■ **Task requirements**
Nothing but the lines holding the string "through" should appear in the answer. Copy them from the entries.

Collected data entries:
________________________________________

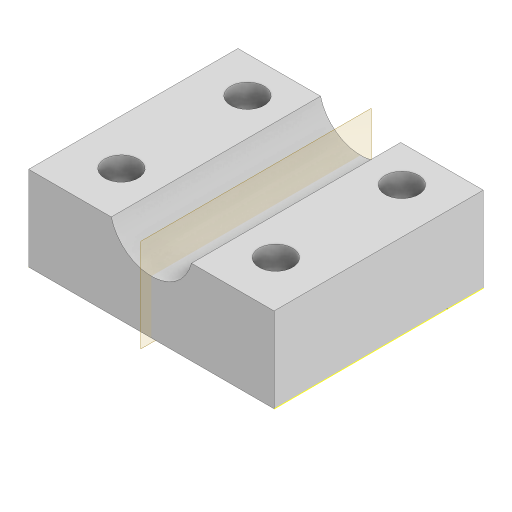
# Autodesk Inventor part: Нижняя часть крепления мотора
Saved by Autodesk Inventor 2023.2 (Build 272271030, 271C)
## iProperties
Created: 2024-12-16
Part Number: Нижняя часть крепления мотора
Material: Типовые
Document SubType Name: Modeling
Designer: I9232
Density: 1 g/cm^3
Appearance: По умолчанию
Author: I9232
Autodesk Inventor part; units mm, degrees
sketch "Эскиз1" plane through (0, 0, 0) normal (0, 1, 0) x (-1, 0, 0)
  line L0 (23.75, 20.25) -> (-23.75, 20.25)
  line L1 (-23.75, 20.25) -> (-23.75, -20.25)
  line L2 (-23.75, -20.25) -> (23.75, -20.25)
  line L3 (23.75, -20.25) -> (23.75, 20.25)
  line L4 (23.75, 20.25) -> (-23.75, -20.25) construction
  circle A0 centre (-15, 11.1546) radius 3.25
  line L5 (-0.0526, -1.582) -> (-0.0526, 1.3257) construction
  line L6 (1.5073, -1.0454) -> (-1.5235, -1.0454) construction
  circle A1 centre (14.8948, 11.1546) radius 3.25
  line L7 (-1.6126, -1.0454) -> (1.4182, -1.0454) construction
  circle A2 centre (-15, -13.2454) radius 3.25
  circle A3 centre (14.8948, -13.2454) radius 3.25
  line L8 (-15, 11.1546) -> (-23.75, 11.1546)
  line L9 (-15, 11.1546) -> (-15, 20.25)
  point P0 (0, 0)
  dimension "d0" = 47.5
  dimension "d1" = 40.5
  dimension "d6" = 6.5
  dimension "d10" = 8.75
  dimension "d11" = 9.0954
  constraints: 20 end point, 5 symmetric about line, 4 centre point, 3 perpendicular, 2 horizontal, 2 parallel, 2 point on line, 1 midpoint, 1 vertical, 3 other
  measures "d0" distance of L1.end L2.end
  measures "d1" distance of L0.end L1.end
  measures "d6" diameter of A3
  measures "d10" distance of L8.start L8.end
  measures "d11" distance of L8.start L9.end
extrude "Выдавливание1" add sketch "Эскиз1" along normal blind 16.4 contours L3 L2 L1 L8 A0 L9 L0 | L9 A0 L8 L1 L0
sketch "Эскиз2" plane through (-23.75, 0, 20.25) normal (0, 0, 1) x (1, 0, 0)
  line L0 (0, 0) -> (47.5, 0) projected
  line L1 (47.5, 0) -> (47.5, 16.4) projected
  line L2 (0, 16.4) -> (47.5, 16.4) projected
  line L3 (0, 0) -> (0, 16.4) projected
  line L4 (0, 0) -> (0, 16.4) projected
  line L5 (47.5, 0) -> (0, 0) projected
  line L6 (0, 16.4) -> (47.5, 0) construction
  line L7 (47.5, 16.4) -> (0, 16.4) projected
  line L8 (47.5, 16.4) -> (0, 0) construction
  arc A0 (15.9913, 16.4) -> (31.5087, 16.4) centre (23.75, 18.35) ccw
  line L9 (23.75, 8.2) -> (23.75, 18.35) construction
  point P0 (23.75, 0)
  point P1 (15.9913, 16.4)
  dimension "d15" = 1.95
  dimension "d16" = 16
  constraints: 6 end point, 2 point on circle, 2 point on line, 1 centre point, 1 coincident, 1 midpoint, 1 vertical
  measures "d15" distance from line of L2 A0.centre
  measures "d16" diameter of A0
extrude "Выдавливание4" cut sketch "Эскиз2" against normal up to surface (40.5 mm away) contours L2 A0
sketch "Эскиз3" plane through (0, 0, 0) normal (0, -1, 0) x (1, 0, 0)
  line L0 (23.75, -13.2454) -> (-23.75, -13.2454)
  line L1 (-23.75, -20.25) -> (-23.75, 20.25) projected
  line L2 (23.75, 20.25) -> (23.75, -20.25) projected
  circle A0 centre (15, -13.2454) radius 3.25 projected
  point P0 (0, 0)
  constraints: 3 point on line, 2 end point, 1 horizontal
ref_plane "РабПлоскость2" through (0, 0, 20.25) normal (1, 0, 0) x (0, 0, -1)

________________________________________

■ **Task output**
sketch "Эскиз1" plane through (0, 0, 0) normal (0, 1, 0) x (-1, 0, 0)
sketch "Эскиз2" plane through (-23.75, 0, 20.25) normal (0, 0, 1) x (1, 0, 0)
sketch "Эскиз3" plane through (0, 0, 0) normal (0, -1, 0) x (1, 0, 0)
ref_plane "РабПлоскость2" through (0, 0, 20.25) normal (1, 0, 0) x (0, 0, -1)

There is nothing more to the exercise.